Reflections, demos, workshops, and co-coding planted seeds for exploration. Drawing on the proceedings of Algorithmic Pattern Salon, participants traced symbolic lineages—from Andean quipu and loom drafts to braid diagrams, crochet patterns, Islamic geometric designs, and musical scores—while engaging both technical and expressive dimensions of notation. Participants worked across several live coding languages, particularly Sonic Pi, Strudel, and Hydra, using comparison to surface how different environments shape musical, visual, and temporal thinking. Additional systems—from ORCA and TouchDesigner to custom-built environments—expanded this notational ecology, making key theoretical concepts legible through practice. Guest speakers DJ_Dave and c_robo_ further grounded these explorations by sharing how such tendencies manifest in their own live coding practices.

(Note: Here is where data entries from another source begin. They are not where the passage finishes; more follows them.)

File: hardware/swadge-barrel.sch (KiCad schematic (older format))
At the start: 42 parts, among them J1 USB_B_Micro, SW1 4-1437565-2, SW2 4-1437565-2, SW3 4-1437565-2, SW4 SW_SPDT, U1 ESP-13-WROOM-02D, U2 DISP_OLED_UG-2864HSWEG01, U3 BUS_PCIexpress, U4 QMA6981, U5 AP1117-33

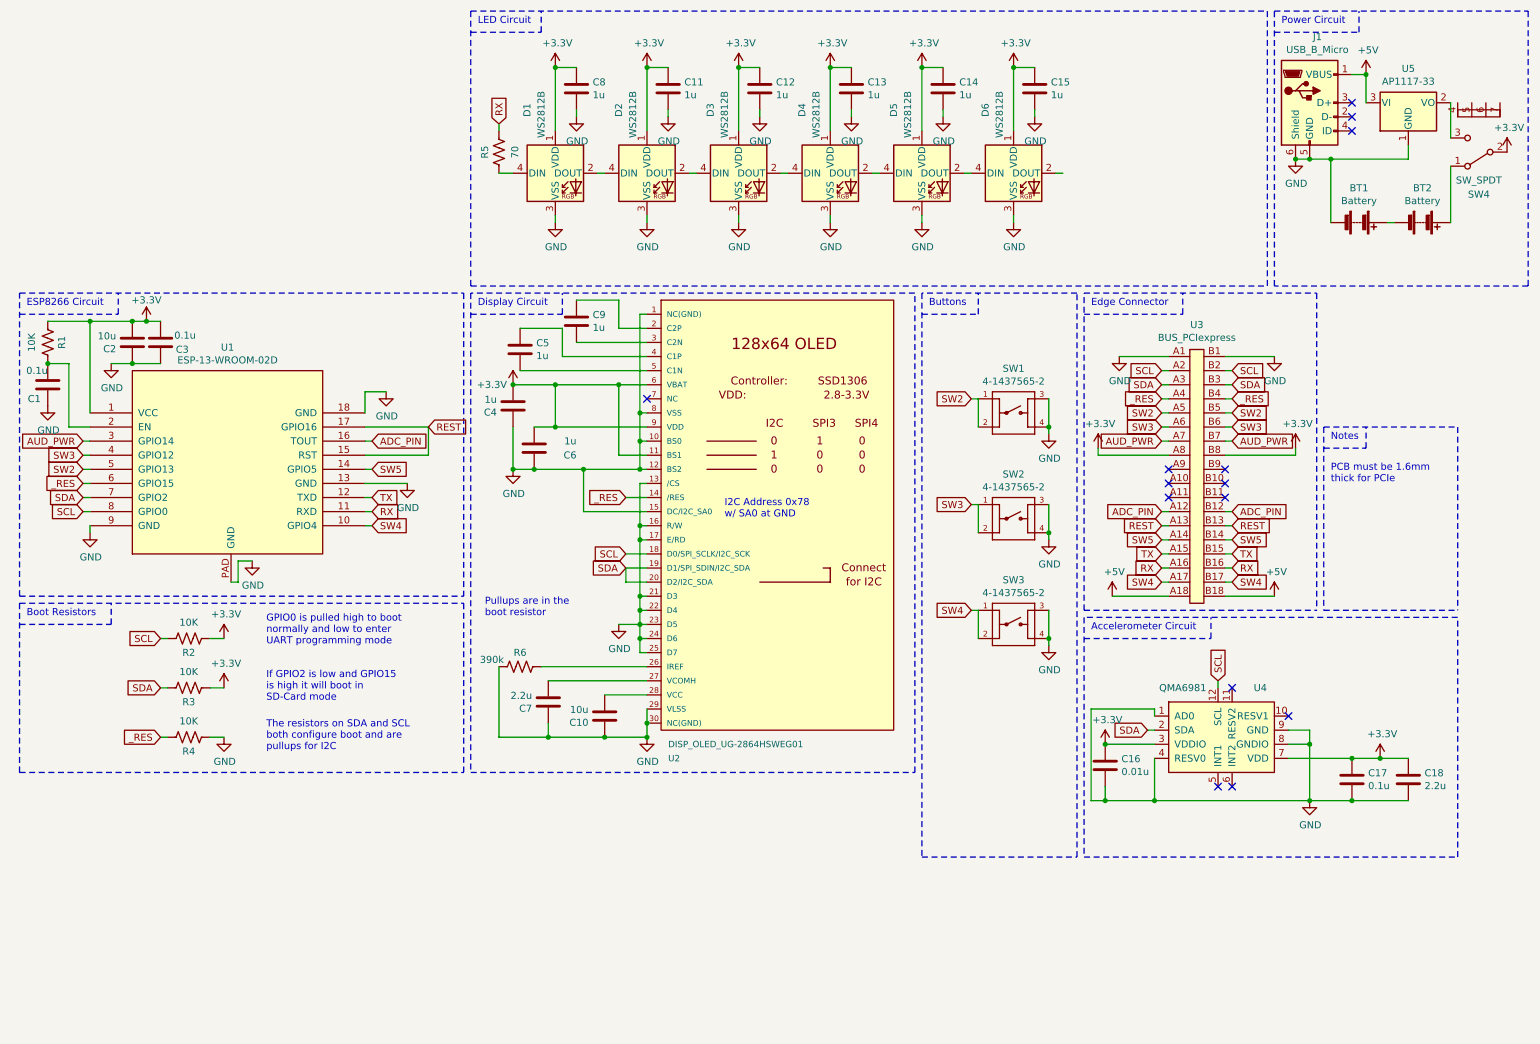
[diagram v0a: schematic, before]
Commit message: Added 12mm buttons
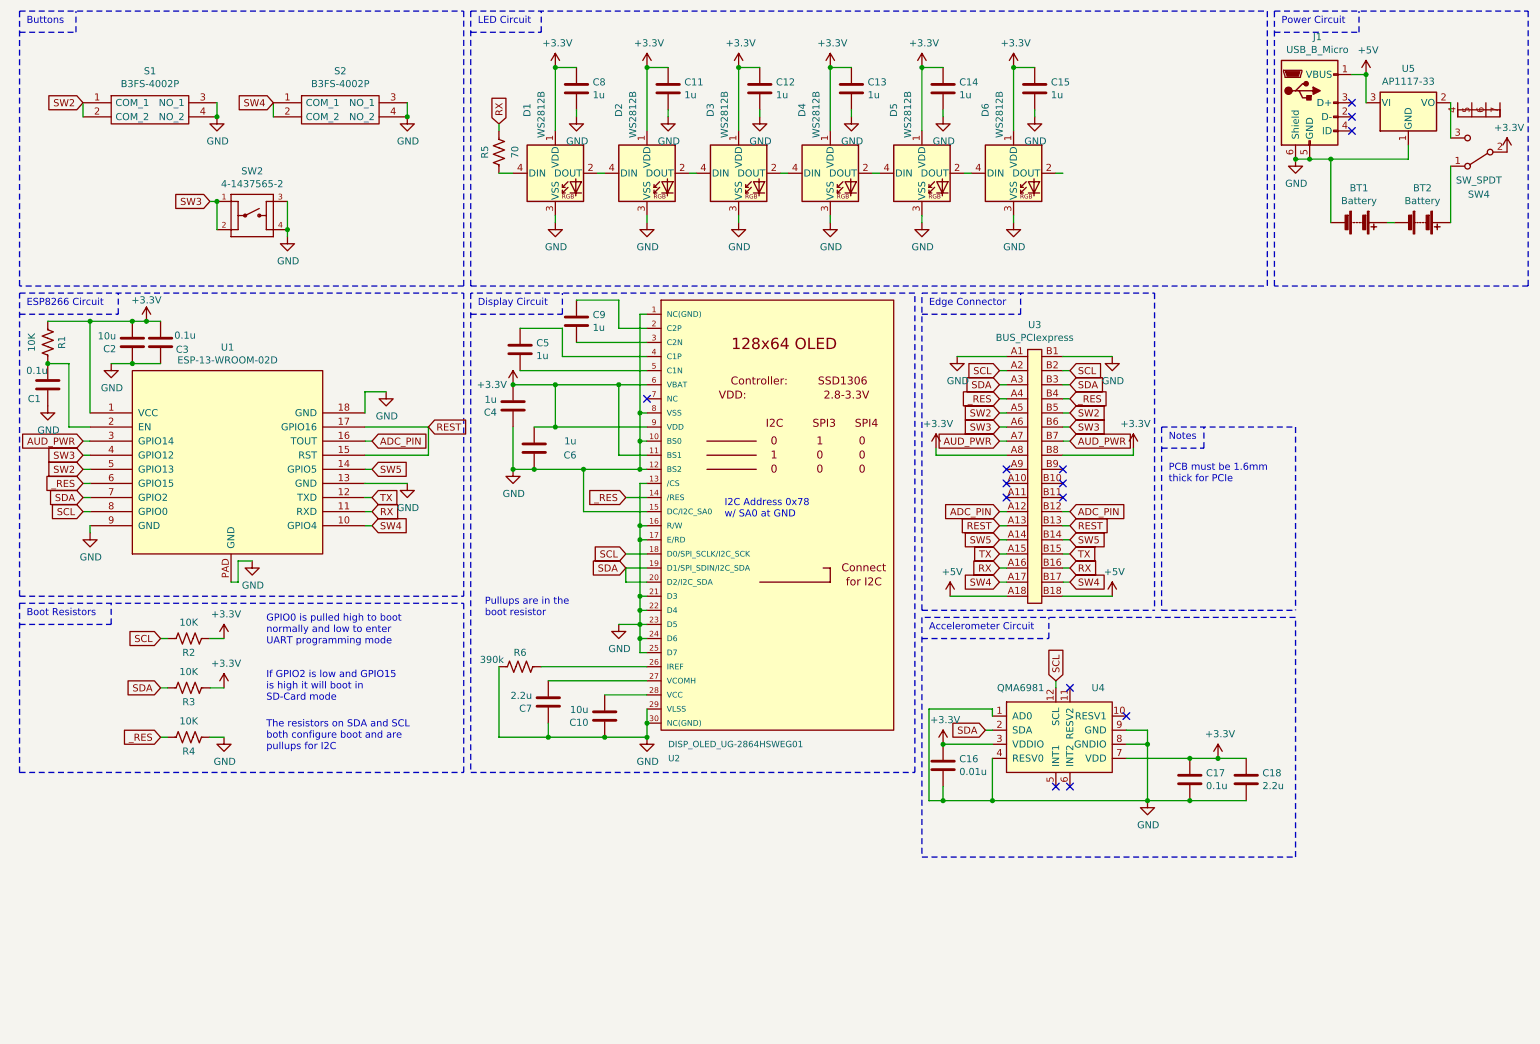
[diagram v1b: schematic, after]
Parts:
- removed SW1, SW3: 4-1437565-2, Swadge_Parts:SW_4-1437565-2, symbol Swadge_Parts:4-1437565-2
- added S1, S2: B3FS-4002P, Swadge_Parts:B3FS4002P, symbol Swadge_Parts:B3FS-4002P
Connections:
- net GND: now also S1.3 (NO_1), S1.4 (NO_2), S2.3 (NO_1), S2.4 (NO_2)
- net SW2: now also S1.1 (COM_1), S1.2 (COM_2)
- net SW4: now also S2.1 (COM_1), S2.2 (COM_2)
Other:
- moved on the sheet: C16, C17, C18, SW2, U3, U4

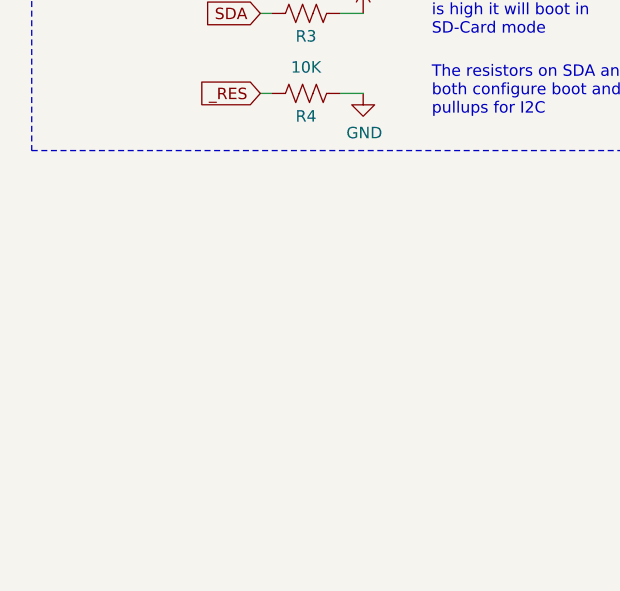
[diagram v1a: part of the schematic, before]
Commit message: Added THT buzzer to barrel board
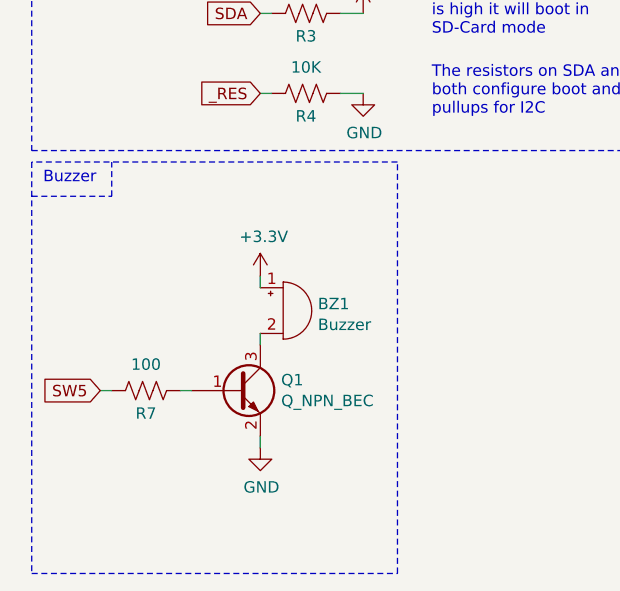
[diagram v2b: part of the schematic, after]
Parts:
- added BZ1: Buzzer, Swadge_Parts:Buzzer_12x9.5RM7.6, symbol Swadge_Parts:Buzzer
- added Q1: Q_NPN_BEC, Swadge_Parts:SOT-23, symbol Swadge_Parts:Q_NPN_BEC
- added R7: 100, Swadge_Parts:R_0603_1608Metric, symbol Swadge_Parts:R_US
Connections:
- net +3V3: now also BZ1.1 (-)
- net GND: now also Q1.2 (E)
- net SW5: now also R7.2
- new net: BZ1.2 (+), Q1.3 (C)
- new net: Q1.1 (B), R7.1
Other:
- note added: "Buzzer"
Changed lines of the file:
@@
 EESchema Schematic File Version 4
+LIBS:swadge-barrel-cache
 EELAYER 29 0
 EELAYER END
@@
 Wire Notes Line
 	3650 500  3650 2450
+$Comp
+L Swadge_Parts:Buzzer BZ1
+U 1 1 5D5EB51A
+P 1600 6600
+F 0 "BZ1" H 1752 6629 50  0000 L CNN
+F 1 "Buzzer" H 1752 6538 50  0000 L CNN
+F 2 "Swadge_Parts:Buzzer_12x9.5RM7.6" H 1850 6950 50  0001 C CNN
+F 3 "https://www.aliexpress.com/item/33004601553.html?spm=a2g0s.9042311.0.0.56834c4diZwZhE" V 1575 6700 50  0001 C CNN
+F 4 "433-1285-ND" H 1950 7050 50  0001 C CNN "Digikey"
+F 5 "49" H 1850 6850 50  0001 C CNN "Cost100"
+F 6 "Y" H 1850 7150 50  0001 C CNN "Substitutable"
+	1    1600 6600
+	1    0    0    -1
+$EndComp
+$Comp
+L Swadge_Parts:Q_NPN_BEC Q1
+U 1 1 5D5EC406
+P 1400 6950
+F 0 "Q1" H 1591 6996 50  0000 L CNN
+F 1 "Q_NPN_BEC" H 1591 6905 50  0000 L CNN
+F 2 "Swadge_Parts:SOT-23" H 2050 7300 50  0001 C CNN
+F 3 "https://www.onsemi.com/pub/Collateral/BC846ALT1-D.PDF" H 1400 6950 50  0001 C CNN
+F 4 "BC848BLT3GOSTR-ND" H 2050 7200 50  0001 C CNN "Digikey"
+F 5 "1.554" H 1750 7400 50  0001 C CNN "Cost100"
+F 6 "Y" H 1700 7500 50  0001 C CNN "Substitutable"
+	1    1400 6950
+	1    0    0    -1
+$EndComp
+$Comp
+L power:+3.3V #PWR033
+U 1 1 5D5EE737
+P 1500 6450
+F 0 "#PWR033" H 1500 6300 50  0001 C CNN
+F 1 "+3.3V" H 1515 6623 50  0000 C CNN
+F 2 "" H 1500 6450 50  0001 C CNN
+F 3 "" H 1500 6450 50  0001 C CNN
+	1    1500 6450
+	1    0    0    -1
+$EndComp
+Text GLabel 800  6950 0    50   Input ~ 0
+SW5
+Wire Wire Line
+	1150 6950 1200 6950
+$Comp
+L power:GND #PWR048
+U 1 1 5D5FD0B6
+P 1500 7200
+F 0 "#PWR048" H 1500 6950 50  0001 C CNN
+F 1 "GND" H 1505 7027 50  0000 C CNN
+F 2 "" H 1500 7200 50  0001 C CNN
+F 3 "" H 1500 7200 50  0001 C CNN
+	1    1500 7200
+	1    0    0    -1
+$EndComp
+Wire Wire Line
+	1500 7150 1500 7200
+$Comp
+L Swadge_Parts:R_US R7
+U 1 1 5D60B5AD
+P 1000 6950
+F 0 "R7" V 1100 6950 50  0000 C CNN
+F 1 "100" V 886 6950 50  0000 C CNN
+F 2 "Swadge_Parts:R_0603_1608Metric" V 1040 6940 50  0001 C CNN
+F 3 "" H 1000 6950 50  0001 C CNN
+F 4 "10" H -700 1300 50  0001 C CNN "Cost100"
+F 5 "RNCP0603FTD10K0CT-ND" H -700 1300 50  0001 C CNN "Digikey"
+F 6 "Y" H -700 1300 50  0001 C CNN "Substitutable"
+	1    1000 6950
+	0    1    1    0
+$EndComp
+Wire Wire Line
+	800  6950 850  6950
+Wire Wire Line
+	1500 6450 1500 6500
+Wire Wire Line
+	1500 6700 1500 6750
+Wire Notes Line
+	500  5950 500  7750
+Wire Notes Line
+	500  7750 2100 7750
+Wire Notes Line
+	2100 7750 2100 5950
+Wire Notes Line
+	2100 5950 500  5950
+Text Notes 550  6050 0    50   ~ 0
+Buzzer
+Wire Notes Line
+	500  6100 850  6100
+Wire Notes Line
+	850  6100 850  5950
 $EndSCHEMATC

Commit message: Routed board and lots of other things
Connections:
- net GND: now also SW4.4 (D), SW4.5 (E), SW4.6 (F), SW4.7 (G)
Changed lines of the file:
@@
 	9650 1550 9550 1550
 NoConn ~ 9950 1350
-$Comp
-L Swadge_Parts:SW_SPDT SW4
-U 1 1 5C3F7306
-P 10850 1500
-F 0 "SW4" H 10850 1800 50  0000 C CNN
-F 1 "SW_SPDT" H 10850 1700 50  0000 C CNN
-F 2 "Swadge_Parts:SW_SPDT_PCM12" H 10850 1500 50  0001 C CNN
-F 3 "https://www.ckswitches.com/media/1424/pcm.pdf" H 10850 1500 50  0001 C CNN
-F 4 "96" H 0   0   50  0001 C CNN "Cost100"
-F 5 "401-2016-1-ND" H 0   0   50  0001 C CNN "Digikey"
-F 6 "Y" H 0   0   50  0001 C CNN "Substitutable"
-	1    10850 1500
-	-1   0    0    1
-$EndComp
 Connection ~ 9650 1550
 $Comp
@@
 Wire Notes Line
 	850  6100 850  5950
+$Comp
+L power:GND #PWR0102
+U 1 1 5D73519E
+P 11000 1000
+F 0 "#PWR0102" H 11000 750 50  0001 C CNN
+F 1 "GND" H 11005 827 50  0000 C CNN
+F 2 "" H 11000 1000 50  0001 C CNN
+F 3 "" H 11000 1000 50  0001 C CNN
+	1    11000 1000
+	1    0    0    -1
+$EndComp
+$Comp
+L Swadge_Parts:SW_SPDT SW4
+U 1 1 5C3F7306
+P 10850 1500
+F 0 "SW4" H 10850 1800 50  0000 C CNN
+F 1 "SW_SPDT" H 10850 1700 50  0000 C CNN
+F 2 "Swadge_Parts:SW_SPDT_PCM12" H 10850 1500 50  0001 C CNN
+F 3 "https://www.ckswitches.com/media/1424/pcm.pdf" H 10850 1500 50  0001 C CNN
+F 4 "96" H 0   0   50  0001 C CNN "Cost100"
+F 5 "401-2016-1-ND" H 0   0   50  0001 C CNN "Digikey"
+F 6 "Y" H 0   0   50  0001 C CNN "Substitutable"
+	1    10850 1500
+	-1   0    0    1
+$EndComp
+Wire Wire Line
+	10700 1150 10800 1150
+Wire Wire Line
+	10900 1150 10800 1150
+Connection ~ 10800 1150
+Wire Wire Line
+	10900 1150 11000 1150
+Connection ~ 10900 1150
+Wire Wire Line
+	10800 1150 10800 1000
+Wire Wire Line
+	10800 1000 11000 1000
 $EndSCHEMATC

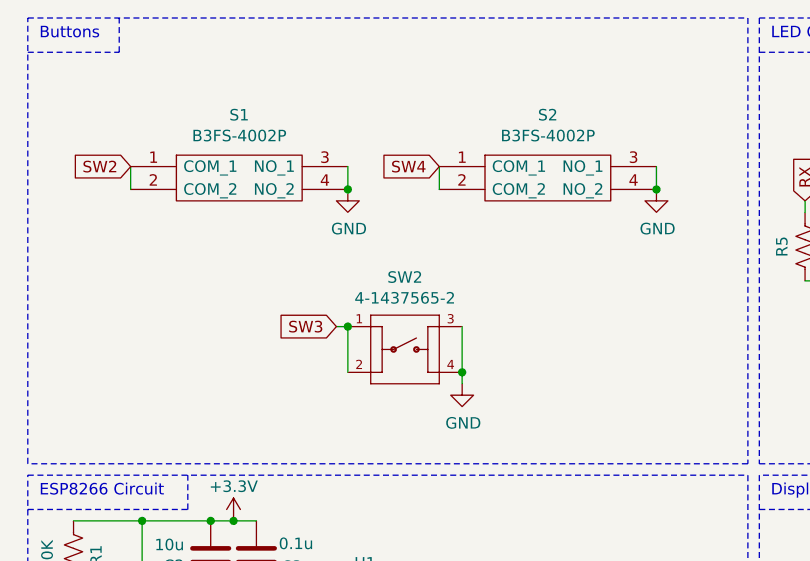
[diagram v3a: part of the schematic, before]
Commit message: Now has a single hole
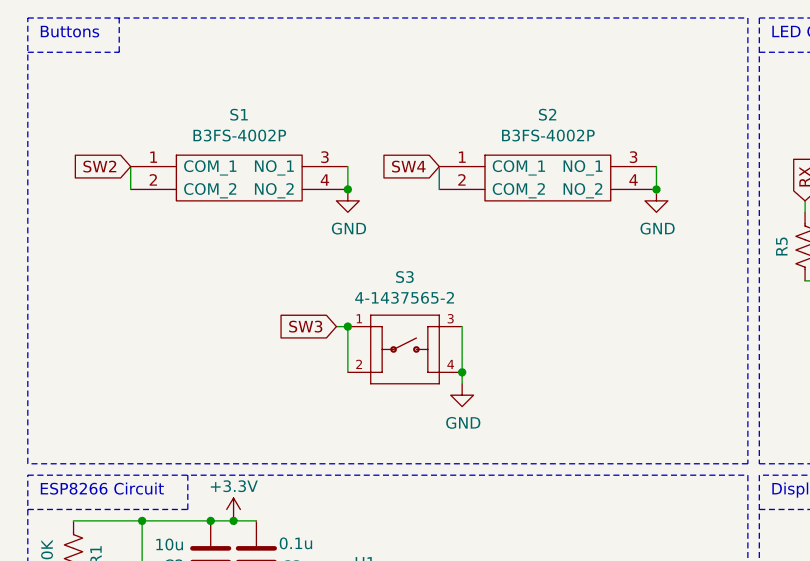
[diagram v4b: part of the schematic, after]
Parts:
- renumbered SW2 to S3
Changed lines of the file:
@@
 	10050 950  10050 1150
 $Comp
-L Swadge_Parts:4-1437565-2 SW2
+L Swadge_Parts:4-1437565-2 S3
 U 1 1 5C53358A
 P 2150 1950
-F 0 "SW2" H 2150 2265 50  0000 C CNN
+F 0 "S3" H 2150 2265 50  0000 C CNN
 F 1 "4-1437565-2" H 2150 2174 50  0000 C CNN
 F 2 "Swadge_Parts:SW_4-1437565-2" H 2150 1950 50  0001 L BNN

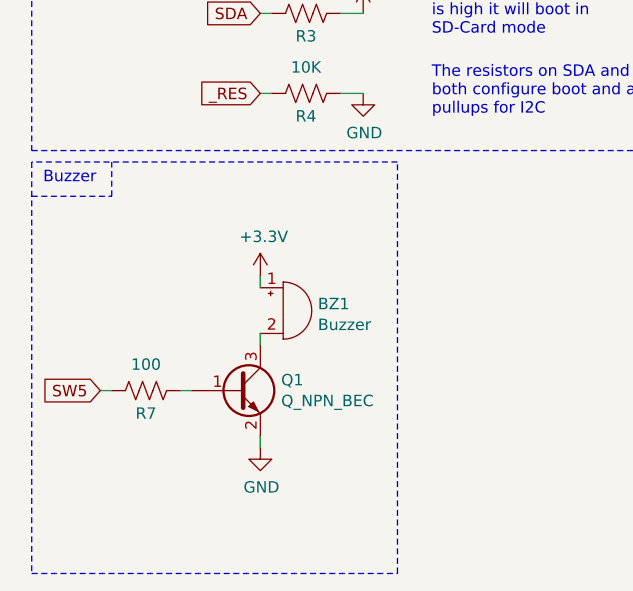
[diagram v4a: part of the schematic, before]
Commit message: Moved a lot of silk to F.Fab. Updated buzzer footprint
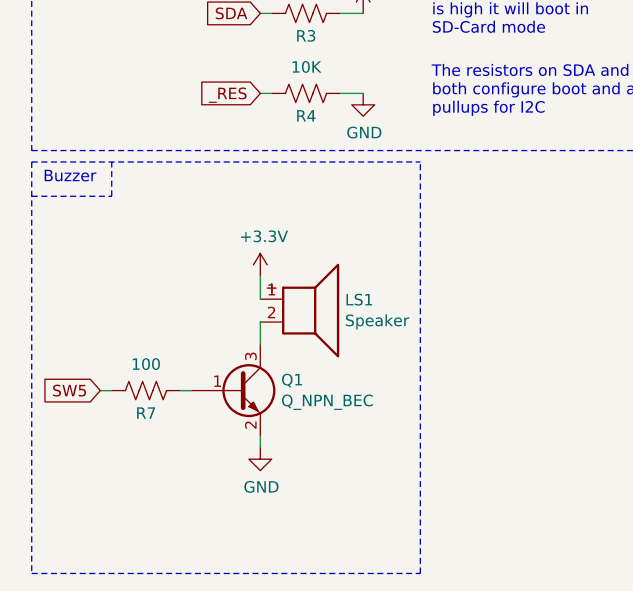
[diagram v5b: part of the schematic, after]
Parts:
- removed BZ1: Buzzer, Swadge_Parts:Buzzer_12x9.5RM7.6, symbol Swadge_Parts:Buzzer
- added LS1: Speaker, Swadge_Parts:Speaker_9mm, symbol Swadge_Parts:Speaker
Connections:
- net +3V3: now also LS1.1
- net at Q1.3 (C): now also LS1.2
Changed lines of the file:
@@
 	3650 500  3650 2450
-$Comp
-L Swadge_Parts:Buzzer BZ1
-U 1 1 5D5EB51A
-P 1600 6600
-F 0 "BZ1" H 1752 6629 50  0000 L CNN
-F 1 "Buzzer" H 1752 6538 50  0000 L CNN
-F 2 "Swadge_Parts:Buzzer_12x9.5RM7.6" H 1850 6950 50  0001 C CNN
-F 3 "https://www.aliexpress.com/item/33004601553.html?spm=a2g0s.9042311.0.0.56834c4diZwZhE" V 1575 6700 50  0001 C CNN
-F 4 "433-1285-ND" H 1950 7050 50  0001 C CNN "Digikey"
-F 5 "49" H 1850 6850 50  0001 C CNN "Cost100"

Lina Pulgarin Duque’s Sonic Pi paint-to-sound interface translates drawn shapes into gestural audio sequences.Variables carried memory and intention, functions acted as verbs, and parameters shaped nuance and expression. By prioritizing openness over rigid definitions, participants activated the expressive potential of code across multiple notational variants, working with rhythmic patterns, visual motifs, and algorithmic transformations to foreground algorithmic expression as an artistic engagement.
By the end of the summer, participant projects reflected live coding as an ongoing negotiation between human intention and machine execution. They mapped patterns onto musical systems, transformed text into algorithmic performance, developed improvisational compositions, and built multisensory interfaces. Examining code through notational perspectives challenges assumptions about what code is and how it functions, creating space for sustained algorithmic curiosity. Prolonged engagement within this collaborative environment supported iterative learning and collective exploration, allowing participants to encounter live coding as a durational, participatory practice rather than a fixed process. This first iteration underscored the value of supportive spaces in which critical conversations about live coding can unfold and its larger ontological and conceptual implications can be explored.
Sean Luo’s TouchDesigner shader code editor integrates live video preview with real-time visual effects and algorithmic manipulation.Looking ahead to Winter 2026, Are.na will serve as a shared platform for readings, references, and student projects, with participants deciding whether their contributions enter a public-facing archive. Class time will emphasize peer-to-peer learning and collective inquiry, balancing core materials with optional resources for deeper exploration. Rather than presenting live coding solely as individual virtuosity or technical mastery, the course will continue to focus on methodology, theory, and discussion around live coding as a cultural and notational practice. Demos and technical workshops support collaborative exploration, highlighting moments that emerge from shared troubleshooting, collective listening, and the vulnerabilities inherent in coding live.
Justin Zhang’s TouchDesigner node network creates animated dot patterns, exploring spatialized algorithmic motion and interactive visual logic.